A transformative experiment is yielding fresh insights 40 years after the effect’s discovery — and energizing transdisciplinary collaborations.
At a lecture in 1939, Paul Dirac said that “pure mathematics and physics are becoming ever more closely connected”. He went on to say that the two subjects might unify, with “every branch of pure mathematics then having its physical application”.
Dirac’s prognosis was, and remains, highly speculative. Today, there is no question of a unification of these fields. Techniques from pure mathematics are used in economics, engineering and finance, but there’s no sense in — nor reason for — these fields becoming one.
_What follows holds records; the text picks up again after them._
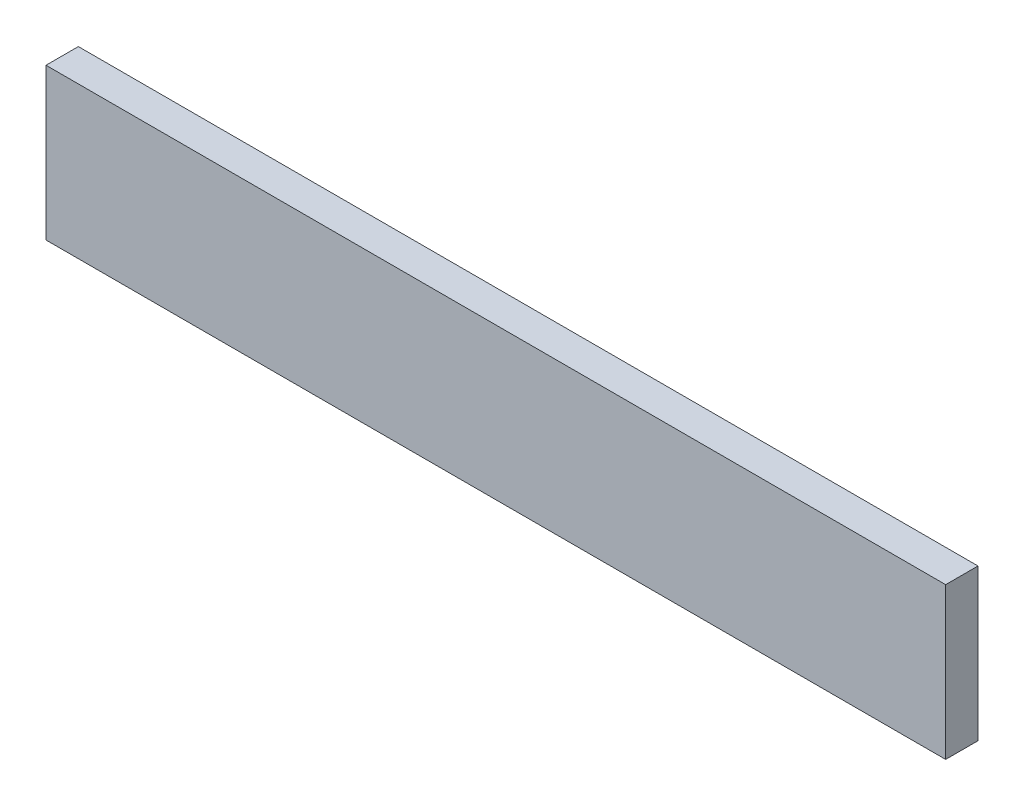
ISO-10303-21;
HEADER;
FILE_DESCRIPTION(('STEP AP214'),'2;1');
FILE_NAME('part.step','',(''),(''),'','','');
FILE_SCHEMA(('AUTOMOTIVE_DESIGN { 1 0 10303 214 1 1 1 1 }'));
ENDSEC;
DATA;
#1=APPLICATION_CONTEXT('core data for automotive mechanical design processes');
#2=APPLICATION_PROTOCOL_DEFINITION('international standard','automotive_design',2000,#1);
#3=PRODUCT_CONTEXT('',#1,'mechanical');
#4=PRODUCT('Part','Part','',(#3));
#5=PRODUCT_RELATED_PRODUCT_CATEGORY('part','',(#4));
#6=PRODUCT_DEFINITION_FORMATION('','',#4);
#7=PRODUCT_DEFINITION_CONTEXT('part definition',#1,'design');
#8=PRODUCT_DEFINITION('design','',#6,#7);
#9=PRODUCT_DEFINITION_SHAPE('','',#8);
#10=(LENGTH_UNIT() NAMED_UNIT(*) SI_UNIT(.MILLI.,.METRE.));
#11=(NAMED_UNIT(*) PLANE_ANGLE_UNIT() SI_UNIT($,.RADIAN.));
#12=(NAMED_UNIT(*) SI_UNIT($,.STERADIAN.) SOLID_ANGLE_UNIT());
#13=UNCERTAINTY_MEASURE_WITH_UNIT(LENGTH_MEASURE(1.E-05),#10,'distance_accuracy_value','');
#14=(GEOMETRIC_REPRESENTATION_CONTEXT(3) GLOBAL_UNCERTAINTY_ASSIGNED_CONTEXT((#13)) GLOBAL_UNIT_ASSIGNED_CONTEXT((#10,
#11,#12)) REPRESENTATION_CONTEXT('',''));
#15=CARTESIAN_POINT('',(0.,0.,0.));
#16=DIRECTION('',(0.,0.,1.));
#17=DIRECTION('',(1.,0.,0.));
#18=AXIS2_PLACEMENT_3D('',#15,#16,#17);
#19=CARTESIAN_POINT('',(8.72452990443659,27.0131188383402,1.));
#20=DIRECTION('',(-1.,0.,0.));
#21=DIRECTION('',(0.,0.,1.));
#22=AXIS2_PLACEMENT_3D('',#19,#20,#21);
#23=PLANE('',#22);
#24=DIRECTION('',(0.,1.,0.));
#25=VECTOR('',#24,1.);
#26=CARTESIAN_POINT('',(8.72452990443659,27.0131188383402,0.));
#27=LINE('',#26,#25);
#28=CARTESIAN_POINT('',(8.72452990443659,22.3344827586207,0.));
#29=VERTEX_POINT('',#28);
#30=CARTESIAN_POINT('',(8.72452990443659,27.0131188383402,0.));
#31=VERTEX_POINT('',#30);
#32=EDGE_CURVE('E96',#29,#31,#27,.T.);
#33=ORIENTED_EDGE('',*,*,#32,.T.);
#34=DIRECTION('',(0.,0.,-1.));
#35=VECTOR('',#34,1.);
#36=CARTESIAN_POINT('',(8.72452990443659,27.0131188383402,1.));
#37=LINE('',#36,#35);
#38=CARTESIAN_POINT('',(8.72452990443659,27.0131188383402,1.));
#39=VERTEX_POINT('',#38);
#40=EDGE_CURVE('E11',#39,#31,#37,.T.);
#41=ORIENTED_EDGE('',*,*,#40,.F.);
#42=DIRECTION('',(0.,1.,0.));
#43=VECTOR('',#42,1.);
#44=CARTESIAN_POINT('',(8.72452990443659,27.0131188383402,1.));
#45=LINE('',#44,#43);
#46=CARTESIAN_POINT('',(8.72452990443659,22.3344827586207,1.));
#47=VERTEX_POINT('',#46);
#48=EDGE_CURVE('E84',#47,#39,#45,.T.);
#49=ORIENTED_EDGE('',*,*,#48,.F.);
#50=DIRECTION('',(0.,0.,-1.));
#51=VECTOR('',#50,1.);
#52=CARTESIAN_POINT('',(8.72452990443659,22.3344827586207,1.));
#53=LINE('',#52,#51);
#54=EDGE_CURVE('E92',#47,#29,#53,.T.);
#55=ORIENTED_EDGE('',*,*,#54,.T.);
#56=EDGE_LOOP('',(#33,#41,#49,#55));
#57=FACE_BOUND('',#56,.T.);
#58=ADVANCED_FACE('F33',(#57),#23,.F.);
#59=CARTESIAN_POINT('',(-19.0814907059007,27.0131188383402,1.));
#60=DIRECTION('',(0.,-1.,0.));
#61=DIRECTION('',(0.,0.,-1.));
#62=AXIS2_PLACEMENT_3D('',#59,#60,#61);
#63=PLANE('',#62);
#64=DIRECTION('',(-1.,0.,0.));
#65=VECTOR('',#64,1.);
#66=CARTESIAN_POINT('',(-19.0814907059007,27.0131188383402,0.));
#67=LINE('',#66,#65);
#68=CARTESIAN_POINT('',(-19.0814907059007,27.0131188383402,0.));
#69=VERTEX_POINT('',#68);
#70=EDGE_CURVE('E88',#31,#69,#67,.T.);
#71=ORIENTED_EDGE('',*,*,#70,.T.);
#72=DIRECTION('',(0.,0.,-1.));
#73=VECTOR('',#72,1.);
#74=CARTESIAN_POINT('',(-19.0814907059007,27.0131188383402,1.));
#75=LINE('',#74,#73);
#76=CARTESIAN_POINT('',(-19.0814907059007,27.0131188383402,1.));
#77=VERTEX_POINT('',#76);
#78=EDGE_CURVE('E41',#77,#69,#75,.T.);
#79=ORIENTED_EDGE('',*,*,#78,.F.);
#80=DIRECTION('',(-1.,0.,0.));
#81=VECTOR('',#80,1.);
#82=CARTESIAN_POINT('',(-19.0814907059007,27.0131188383402,1.));
#83=LINE('',#82,#81);
#84=EDGE_CURVE('E79',#39,#77,#83,.T.);
#85=ORIENTED_EDGE('',*,*,#84,.F.);
#86=ORIENTED_EDGE('',*,*,#40,.T.);
#87=EDGE_LOOP('',(#71,#79,#85,#86));
#88=FACE_BOUND('',#87,.T.);
#89=ADVANCED_FACE('F87',(#88),#63,.F.);
#90=CARTESIAN_POINT('',(-19.0814907059007,27.0131188383402,1.));
#91=DIRECTION('',(1.,0.,0.));
#92=DIRECTION('',(0.,0.,-1.));
#93=AXIS2_PLACEMENT_3D('',#90,#91,#92);
#94=PLANE('',#93);
#95=DIRECTION('',(0.,-1.,0.));
#96=VECTOR('',#95,1.);
#97=CARTESIAN_POINT('',(-19.0814907059007,27.0131188383402,0.));
#98=LINE('',#97,#96);
#99=CARTESIAN_POINT('',(-19.0814907059007,22.3344827586207,0.));
#100=VERTEX_POINT('',#99);
#101=EDGE_CURVE('E66',#69,#100,#98,.T.);
#102=ORIENTED_EDGE('',*,*,#101,.T.);
#103=DIRECTION('',(0.,0.,-1.));
#104=VECTOR('',#103,1.);
#105=CARTESIAN_POINT('',(-19.0814907059007,22.3344827586207,1.));
#106=LINE('',#105,#104);
#107=CARTESIAN_POINT('',(-19.0814907059007,22.3344827586207,1.));
#108=VERTEX_POINT('',#107);
#109=EDGE_CURVE('E89',#108,#100,#106,.T.);
#110=ORIENTED_EDGE('',*,*,#109,.F.);
#111=DIRECTION('',(0.,-1.,0.));
#112=VECTOR('',#111,1.);
#113=CARTESIAN_POINT('',(-19.0814907059007,27.0131188383402,1.));
#114=LINE('',#113,#112);
#115=EDGE_CURVE('E82',#77,#108,#114,.T.);
#116=ORIENTED_EDGE('',*,*,#115,.F.);
#117=ORIENTED_EDGE('',*,*,#78,.T.);
#118=EDGE_LOOP('',(#102,#110,#116,#117));
#119=FACE_BOUND('',#118,.T.);
#120=ADVANCED_FACE('F90',(#119),#94,.F.);
#121=CARTESIAN_POINT('',(-19.0814907059007,22.3344827586207,1.));
#122=DIRECTION('',(0.,1.,0.));
#123=DIRECTION('',(0.,0.,1.));
#124=AXIS2_PLACEMENT_3D('',#121,#122,#123);
#125=PLANE('',#124);
#126=DIRECTION('',(1.,0.,0.));
#127=VECTOR('',#126,1.);
#128=CARTESIAN_POINT('',(-19.0814907059007,22.3344827586207,0.));
#129=LINE('',#128,#127);
#130=EDGE_CURVE('E72',#100,#29,#129,.T.);
#131=ORIENTED_EDGE('',*,*,#130,.T.);
#132=ORIENTED_EDGE('',*,*,#54,.F.);
#133=DIRECTION('',(1.,0.,0.));
#134=VECTOR('',#133,1.);
#135=CARTESIAN_POINT('',(-19.0814907059007,22.3344827586207,1.));
#136=LINE('',#135,#134);
#137=EDGE_CURVE('E49',#108,#47,#136,.T.);
#138=ORIENTED_EDGE('',*,*,#137,.F.);
#139=ORIENTED_EDGE('',*,*,#109,.T.);
#140=EDGE_LOOP('',(#131,#132,#138,#139));
#141=FACE_BOUND('',#140,.T.);
#142=ADVANCED_FACE('F103',(#141),#125,.F.);
#143=CARTESIAN_POINT('',(0.,0.,1.));
#144=DIRECTION('',(0.,0.,1.));
#145=DIRECTION('',(1.,0.,0.));
#146=AXIS2_PLACEMENT_3D('',#143,#144,#145);
#147=PLANE('',#146);
#148=ORIENTED_EDGE('',*,*,#48,.T.);
#149=ORIENTED_EDGE('',*,*,#84,.T.);
#150=ORIENTED_EDGE('',*,*,#115,.T.);
#151=ORIENTED_EDGE('',*,*,#137,.T.);
#152=EDGE_LOOP('',(#148,#149,#150,#151));
#153=FACE_BOUND('',#152,.T.);
#154=ADVANCED_FACE('F80',(#153),#147,.T.);
#155=CARTESIAN_POINT('',(0.,0.,0.));
#156=DIRECTION('',(0.,0.,1.));
#157=DIRECTION('',(1.,0.,0.));
#158=AXIS2_PLACEMENT_3D('',#155,#156,#157);
#159=PLANE('',#158);
#160=ORIENTED_EDGE('',*,*,#32,.F.);
#161=ORIENTED_EDGE('',*,*,#130,.F.);
#162=ORIENTED_EDGE('',*,*,#101,.F.);
#163=ORIENTED_EDGE('',*,*,#70,.F.);
#164=EDGE_LOOP('',(#160,#161,#162,#163));
#165=FACE_BOUND('',#164,.T.);
#166=ADVANCED_FACE('F106',(#165),#159,.F.);
#167=CLOSED_SHELL('',(#58,#89,#120,#142,#154,#166));
#168=MANIFOLD_SOLID_BREP('B2',#167);
#169=ADVANCED_BREP_SHAPE_REPRESENTATION('',(#18,#168),#14);
#170=SHAPE_DEFINITION_REPRESENTATION(#9,#169);
ENDSEC;
END-ISO-10303-21;

Dirac’s sentiment rankles with pure mathematicians because it suggests that physicists regard mathematics more as a tool with which to study the natural world than as a discipline in its own right. Such a view can be a barrier to fruitful collaboration. But when mathematicians and physicists do attempt to solve problems on equal terms, the results can be sublime — as we have seen in the physics of materials and in topology, a branch of pure mathematics that studies shapes and how they are arranged in space.
Mathematicians and physicists working in these fields have made lasting contributions to understanding the quantum Hall effect, which was discovered during a transformative experiment 40 years ago1,2. How they achieved this holds lessons for the way in which disciplines — and not only those in the physical sciences — could more successfully engage with each other on common problems.